As described above, according to the printed circuit board 10 of the present invention, the air vent holes 15 are preferably formed at the four corners of the insulating substrate 11 in the region facing the openings 16 of the solder resist layer 13 of the printed circuit board 10. Is provided, an electronic component such as the semiconductor element 20 is connected to the anisotropic conductive film 14.
, The residual air 30 is completely removed through the air vent hole 15, and the electrical and mechanical connection is improved.
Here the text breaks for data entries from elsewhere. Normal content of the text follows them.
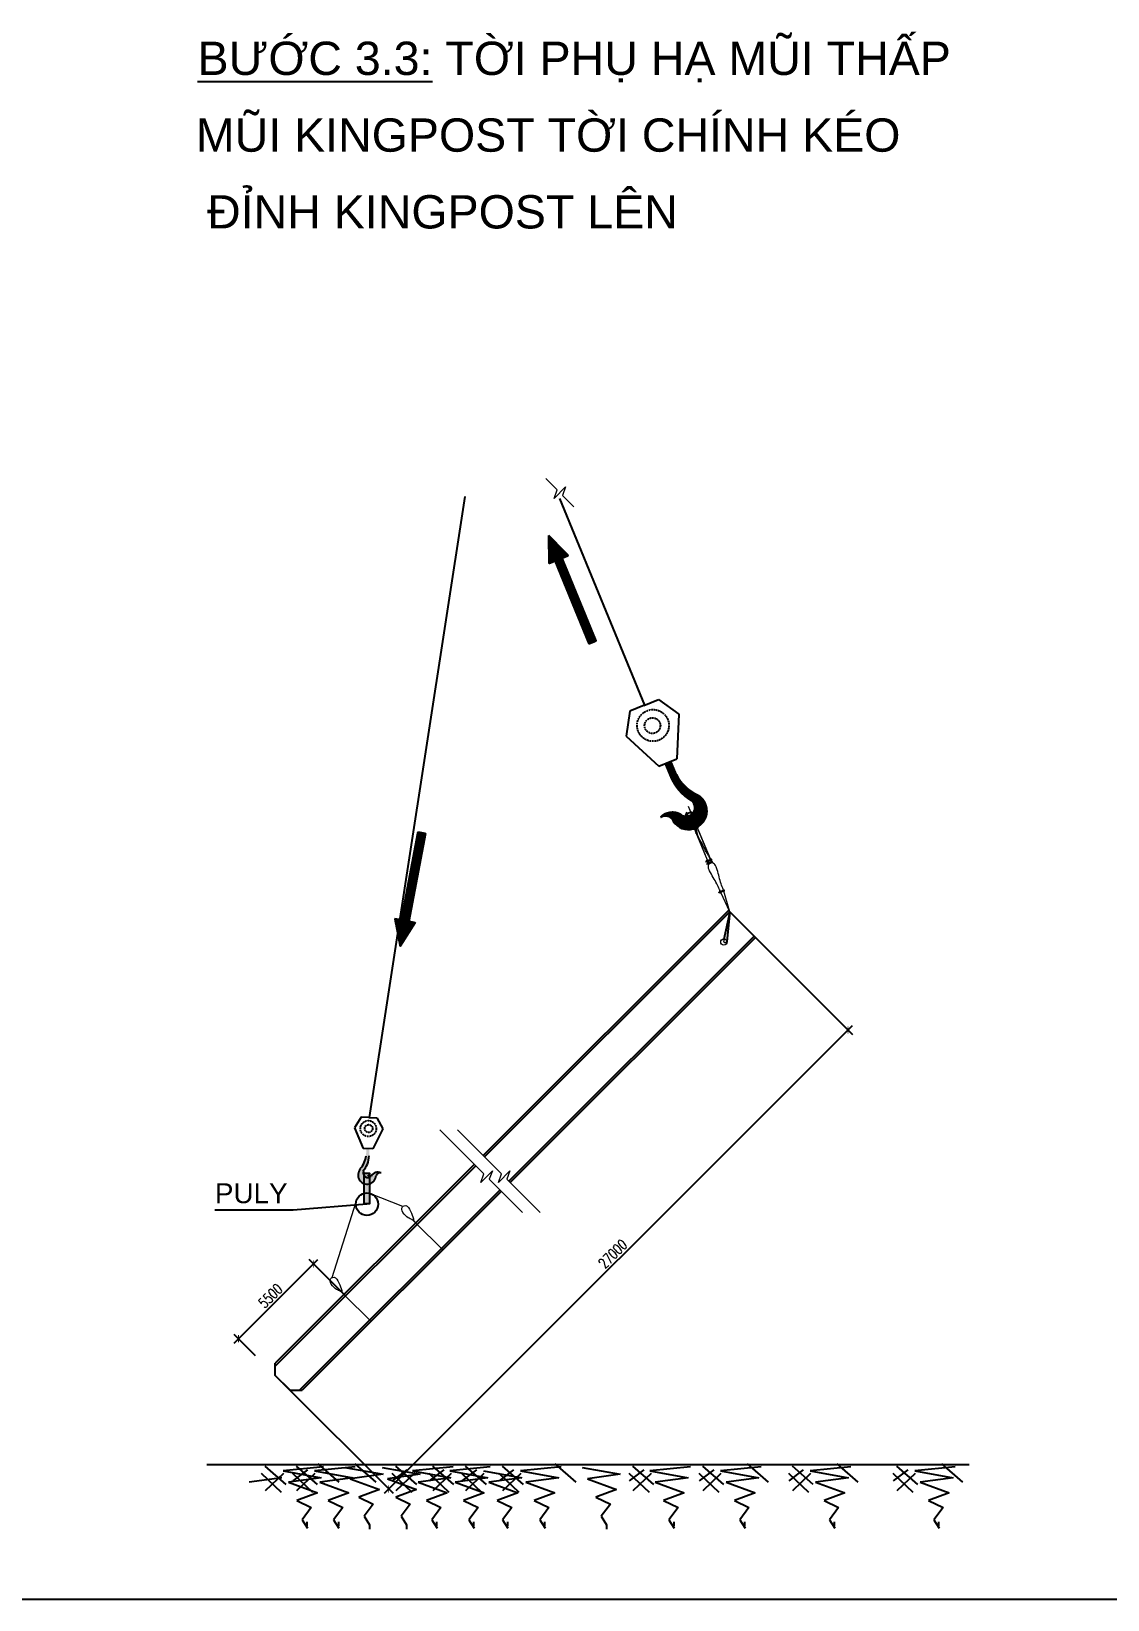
# Model space of a CAD drawing. Header units: millimetres. Extents: x -346728 to 1320345, y -537202 to -385966.
# Drawn here: x 1199744 to 1216331, y -455291 to -431105 of the extents above; entities that cross this region are included whole.
import ezdxf

# ---------------------------------------------------------------- set-up
doc = ezdxf.new("R2010")
doc.units = ezdxf.units.MM
doc.header["$LTSCALE"] = 100
doc.linetypes.add('DASHED2', pattern=[0.375, 0.25, -0.125])
doc.linetypes.add('HIDDEN', pattern=[9.525, 6.35, -3.175])
for name, color, linetype in [('9', 9, 'Continuous'), ('A-TEXT', 7, 'Continuous'), ('COT-THEP', 1, 'Continuous'), ('DUONG-BAO', 2, 'Continuous'), ('hiden', 8, 'HIDDEN'), ('X1326_COL_B4$0$CS', 253, 'Continuous')]:
    doc.layers.add(name, color=color, linetype=linetype)
doc.layers.add('CHU', color=8, linetype='Continuous', lineweight=25)
doc.layers.add('cua', color=44, linetype='Continuous', lineweight=13)
doc.styles.add('romans.shx', font='romans.shx', dxfattribs={"width": 0.75, "bigfont": 'vns.shx'})
doc.styles.add('T1', font='VHARIAL.TTF')
doc.styles.add('VnArialH', font='VHARIAL.TTF')
doc.dimstyles.new('BPTC-120', dxfattribs={"dimscale": 80, "dimtxt": 2, "dimasz": 1, "dimexe": 1.2, "dimexo": 0, "dimgap": 0.5, "dimtad": 1, "dimdec": 0, "dimzin": 0, "dimdsep": 46, "dimtxsty": 'romans.shx', "dimblk": 'ARCHTICK', "dimcen": 0.09, "dimdle": 1.2, "dimclrd": 8, "dimclre": 8, "dimclrt": 3, "dimadec": 0, "dimazin": 0, "dimtfac": 1, "dimtdec": 0, "dimtix": 1, "dimtofl": 0, "dimtmove": 0, "dimatfit": 3, "dimfxl": 1, "dimtolj": 1, "dimtzin": 0, "dimarcsym": 0})

# ---------------------------------------------------------------- blocks, each defined once
blk = doc.blocks.new('LVL-KHUNGTEN')
blk.add_lwpolyline([(61073, 41093), (119124, 41093), (119124, 62), (61073, 62)], close=True)
at = {"layer": 'DEFPOINTS'}
blk.add_line((119124, 62), (61073, 62), dxfattribs=at)
blk = doc.blocks.new('_ArchTick')
at = {"color": 0, "linetype": 'ByBlock', "const_width": 0.15}
blk.add_lwpolyline([(-0.5, -0.5), (0.5, 0.5)], dxfattribs=at)
blk = doc.blocks.new('*D722')
at = {"layer": 'DEFPOINTS', "color": 0, "linetype": 'ByBlock', "ltscale": 8, "transparency": 16777216}
for p in [(1204091, -450115), (1204583, -450607, -50), (1203198, -451529)]:
    blk.add_point(p, dxfattribs=at)
at = {"layer": 'X1326_COL_B4$0$CS', "color": 8, "linetype": 'ByBlock', "lineweight": -2, "ltscale": 8, "transparency": 16777216}
for p, q in [((1202869, -451336), (1204159, -450047)), ((1204583, -450607), (1204023, -450047)), ((1203198, -451529), (1202869, -451200))]:
    blk.add_line(p, q, dxfattribs=at)
at = {"layer": 'X1326_COL_B4$0$CS', "color": 8, "linetype": 'ByBlock', "lineweight": -2, "ltscale": 8, "transparency": 16777216, "xscale": 80, "yscale": 80, "zscale": 80}
for p, rotation in [((1204091, -450115), 44.99999999977408), ((1202937, -451268), 224.999999999774)]:
    blk.add_blockref('_ArchTick', p, dxfattribs=dict(at, rotation=rotation))
at = {"layer": 'X1326_COL_B4$0$CS', "color": 3, "linetype": 'ByBlock', "ltscale": 8, "transparency": 16777216, "insert": (1203429, -450607), "char_height": 160, "attachment_point": 5, "rotation": 45, "style": 'romans.shx'}
blk.add_mtext('\\A1;5500', dxfattribs=at)
blk = doc.blocks.new('*D723')
at = {"layer": 'DEFPOINTS', "color": 0, "linetype": 'ByBlock', "ltscale": 8, "transparency": 16777216}
for p in [(1210694, -444870, -881), (1212329, -446505), (1203617, -451948, -881)]:
    blk.add_point(p, dxfattribs=at)
at = {"layer": 'X1326_COL_B4$0$CS', "color": 8, "linetype": 'ByBlock', "lineweight": -2, "ltscale": 8, "transparency": 16777216}
for p, q in [((1210694, -444870), (1212397, -446573)), ((1205184, -453651), (1212397, -446438)), ((1203617, -451948), (1205320, -453651))]:
    blk.add_line(p, q, dxfattribs=at)
for p, xscale, yscale, zscale, rotation in [((1212329, -446505), 80, 80, 80, 45.00000000000448), ((1205252, -453583), 80.00000000000001, 80.00000000000001, 80.00000000000001, 225.0000000000045)]:
    blk.add_blockref('_ArchTick', p, dxfattribs=dict(at, xscale=xscale, yscale=yscale, zscale=zscale, rotation=rotation))
at = {"layer": 'X1326_COL_B4$0$CS', "color": 3, "linetype": 'ByBlock', "ltscale": 8, "transparency": 16777216, "insert": (1208706, -449959), "char_height": 160, "attachment_point": 5, "rotation": 45, "style": 'romans.shx'}
blk.add_mtext('\\A1;27000', dxfattribs=at)

msp = doc.modelspace()

# ---------------------------------------------------------------- hatches: boundary and pattern name
h = msp.add_hatch()
h.set_pattern_fill('ANSI37', color=256, scale=1.842586, angle=22.61748, style=0)
h.set_pattern_definition([(67.61748085, (1203458.90907, -512003.01327), (-0.2129712236, 0.0877043978), []), (157.61748085, (1203458.90907, -512003.01327), (-0.0877043978, -0.2129712236), [])])
h.paths.add_polyline_path([(1210129.3, -443246.1, 0.4139754), (1210001, -442876.1, -0.1675092), (1209686.5, -442566.7), (1209601.1, -442361.5), (1209555.1, -442380.7), (1209514, -442397.8), (1209599.5, -442603, 0.1669187), (1209947.4, -442981.2, -0.3748597), (1209938.3, -443167.5)])
h.paths.add_polyline_path([(1209938.3, -443167.5, -0.3256233), (1209773.8, -443196.6, 0.3838676), (1209451, -443215.4, -0.3456423), (1209624.2, -443231.9, 0.6465069), (1210129.3, -443246.1)])
h = msp.add_hatch()
h.set_pattern_fill('ANSI37', color=256, scale=0.921293, angle=73.30387, style=0)
h.set_pattern_definition([(133.15054594, (1220124.84618, -479802.59163), (0.0840172277, 0.07876107112), []), (43.15054594, (1220124.84618, -479802.59163), (0.07876107112, -0.0840172277), [])])
h.paths.add_polyline_path([(1204816.3, -448840.5, -0.4139754), (1204810.7, -448644.8, 0.1675092), (1204902.8, -448444.4), (1204906.4, -448333.3), (1204931.3, -448334.1), (1204953.5, -448334.9), (1204950, -448445.9, -0.1669187), (1204854.3, -448684.4, 0.3748597), (1204891.6, -448769.9)])
h.paths.add_polyline_path([(1204891.6, -448769.9, 0.3256233), (1204973.7, -448754.4, -0.3838676), (1205127.9, -448705.9, 0.3456423), (1205049.9, -448744.3, -0.6465069), (1204816.3, -448840.5)])
at = {"layer": 'COT-THEP'}
h = msp.add_hatch(dxfattribs=at)
h.set_pattern_fill('ANSI37', color=0, scale=5.896275, angle=22.32377, style=0)
h.set_pattern_definition([(337.3237666, (1182582.8147, -416841.0227), (-0.28414397, -0.680060256), []), (247.3237666, (1182582.8147, -416841.0227), (-0.680060256, 0.28414397), [])])
h.paths.add_polyline_path([(1207817.8, -439272.7), (1207725.2, -439310.7), (1207721.1, -438881.9), (1208019.5, -439189.9), (1207926.9, -439227.9), (1208451.1, -440504.5), (1208342, -440549.3)])
h = msp.add_hatch(dxfattribs=at)
h.set_pattern_fill('ANSI37', color=0, scale=5.896275, angle=-10.67627, style=0)
h.set_pattern_definition([(34.3237345, (1185258.2887, -471873.59525), (-0.415590282, 0.60869078), []), (124.3237345, (1185258.2887, -471873.59525), (-0.60869078, -0.415590282), [])])
h.paths.add_polyline_path([(1205444.9, -444809.1), (1205346.5, -444790.6), (1205429.1, -445211.4), (1205659.2, -444849.5), (1205560.8, -444831), (1205816.5, -443474.9), (1205700.6, -443453)])
at = {"layer": 'X1326_COL_B4$0$CS', "linetype": 'ByBlock', "ltscale": 8}
msp.add_hatch(color=1, dxfattribs=at).paths.add_polyline_path([(1204872.5, -448715), (1204952.8, -448715), (1204952.8, -449188.1), (1204872.5, -449188.1)])

# ---------------------------------------------------------------- linework, layer by layer
at = {"color": 7}
for p, q in [((1208019.5, -439189.9, 0), (1207721.1, -438881.9, 0)), ((1207725.2, -439310.7, 0), (1207721.1, -438881.9, 0)), ((1207926.9, -439227.9, 0), (1208019.5, -439189.9, 0)), ((1207817.8, -439272.7, 0), (1207725.2, -439310.7, 0)), ((1208342, -440549.3, 0), (1207817.8, -439272.7, 0)), ((1208451.1, -440504.5, 0), (1207926.9, -439227.9, 0)), ((1205700.6, -443453, 0), (1205444.9, -444809.1, 0)), ((1205816.5, -443474.9, 0), (1205560.8, -444831, 0)), ((1205346.5, -444790.6, 0), (1205429.1, -445211.4, 0)), ((1205444.9, -444809.1, 0), (1205346.5, -444790.6, 0)), ((1205659.2, -444849.5, 0), (1205429.1, -445211.4, 0)), ((1205560.8, -444831, 0), (1205659.2, -444849.5, 0))]:
    msp.add_line(p, q, dxfattribs=at)
at = {"color": 2}
for p, q in [((1208966.5, -441590.4, 0), (1208910, -441975.2, 0)), ((1209192.4, -441496.3, 0), (1208966.5, -441590.4, 0)), ((1209182.7, -441500.4, 0), (1209408.5, -441406.3, 0)), ((1209408.5, -441406.3, 0), (1209721.6, -441637.1, 0)), ((1209721.6, -441637.1, 0), (1209694, -442322.8, 0)), ((1208910, -441975.2, 0), (1209416.3, -442438.5, 0)), ((1204827, -447852.6, 0), (1204721.6, -448016, 0)), ((1204949.3, -447856.5, 0), (1204827, -447852.6, 0)), ((1204944.1, -447856.4, 0), (1205066.3, -447860.3, 0)), ((1205066.3, -447860.3, 0), (1205161, -448030.2, 0)), ((1204721.6, -448016, 0), (1204856.1, -448331.7, 0)), ((1205161, -448030.2, 0), (1205006.4, -448336.6, 0))]:
    msp.add_line(p, q, dxfattribs=at)
at = {"color": 8}
for p, q in [((1203605.1, -453410, 0), (1203098.5, -453480.7, 0)), ((1203627.4, -453344.8, 0), (1203346.3, -453611.6, 0)), ((1204247, -453245.2, 0), (1203622.6, -453304.1, 0)), ((1203622.6, -453304.1, 0), (1204211.6, -453410, 0)), ((1204211.6, -453410, 0), (1203705, -453480.7, 0)), ((1203705, -453480.7, 0), (1204152.7, -453645.5, 0)), ((1204000.2, -453288.7, 0), (1203775.4, -453457.2, 0)), ((1204112.6, -453344.8, 0), (1203831.6, -453611.6, 0)), ((1204732.2, -453245.2, 0), (1204107.8, -453304.1, 0)), ((1204107.8, -453304.1, 0), (1204696.9, -453410, 0)), ((1204696.9, -453410, 0), (1204190.3, -453480.7, 0)), ((1204190.3, -453480.7, 0), (1204638, -453645.5, 0)), ((1204576.8, -453252.1, 0), (1205165.9, -453358.1, 0)), ((1205165.9, -453358.1, 0), (1204659.3, -453428.7, 0)), ((1204659.3, -453428.7, 0), (1205106.9, -453593.5, 0)), ((1205148.3, -453252.1, 0), (1205737.4, -453358.1, 0)), ((1205737.4, -453358.1, 0), (1205230.8, -453428.7, 0)), ((1205230.8, -453428.7, 0), (1205678.5, -453593.5, 0)), ((1205528.8, -453288.7, 0), (1205304, -453457.2, 0)), ((1205641.2, -453344.8, 0), (1205360.2, -453611.6, 0)), ((1206244.8, -453245.2, 0), (1205620.4, -453304.1, 0)), ((1205620.4, -453304.1, 0), (1206209.5, -453410, 0)), ((1206209.5, -453410, 0), (1205702.9, -453480.7, 0)), ((1205702.9, -453480.7, 0), (1206150.6, -453645.5, 0)), ((1206100.3, -453288.7, 0), (1205875.5, -453457.2, 0)), ((1206212.7, -453344.8, 0), (1205931.7, -453611.6, 0)), ((1206816.3, -453245.2, 0), (1206191.9, -453304.1, 0)), ((1206191.9, -453304.1, 0), (1206781, -453410, 0)), ((1206781, -453410, 0), (1206274.4, -453480.7, 0)), ((1206274.4, -453480.7, 0), (1206722.1, -453645.5, 0)), ((1206604.5, -453288.7, 0), (1206379.7, -453457.2, 0)), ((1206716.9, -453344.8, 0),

In addition, there is no connection failure between the wiring pattern and the bump of the electronic component due to aging due to residual air,
A highly reliable connection is obtained.

The printed circuit board of the present invention is not limited to the above-described example, and may take various other configurations without departing from the gist of the present invention.

[0020]

According to the printed circuit board of the present invention, when an electronic component such as a semiconductor element is connected to the wiring pattern through the anisotropic conductive film in the opening of the solder resist layer, residual air is generated. Is completely removed, so that electrical and mechanical connection is improved. In addition, since connection failure due to aging is eliminated, a highly reliable connection can be obtained. Further, particularly when the air vent hole is provided at a position corresponding to the corner of the opening, the residual air is further reduced, and the electrical and mechanical connection is further completed.

[Brief description of the drawings]

FIG. 1 is a plan view showing a configuration of a printed circuit board according to the present invention.

FIG. 2 is a sectional view taken along line AA of FIG.

FIG. 3 is an explanatory view (part 1) of a method for connecting an electronic component to a printed circuit board via an anisotropic conductive film according to the present invention.

FIG. 4 is an explanatory view (part 2) of a method for connecting an electronic component to a printed circuit board via an anisotropic conductive film according to the present invention.

FIG. 5 is an explanatory view (part 3) of a method of connecting an electronic component to a printed circuit board via an anisotropic conductive film according to the present invention.

FIG. 6 is an explanatory view (No. 4) of a method for connecting an electronic component to a printed circuit board via an anisotropic conductive film according to the present invention.

FIG. 7 is an explanatory view of another method of pressing an anisotropic conductive film on a printed circuit board according to the present invention.

FIG. 8 is a process diagram for connecting a conventional printed circuit board and a semiconductor element.

FIG. 9 is a sectional view taken along line BB of FIG. 8C.

FIG. 10 is a sectional view taken along line CC of FIG. 8C.

[Explanation of symbols]

10, 17 printed circuit board, 11 insulating board, 12
Wiring pattern, 13 solder resist layer, 14 anisotropic conductive film, 15 air vent hole, 16 opening, 20 semiconductor element, 21 bump, 30 residual air, 40 bonding head, 41 rubber

Claims (2)

[Claims] A solder resist layer having an opening is formed on an insulating substrate on which a predetermined wiring pattern is formed, and an electronic component is connected to a connecting portion of the wiring pattern facing the opening. A printed circuit board connected via an isotropic conductive film, wherein an air vent hole is provided in the insulating substrate facing an opening of the solder resist layer. 2. The air vent hole is provided at a position corresponding to a corner of the opening.
A printed circuit board according to claim 1.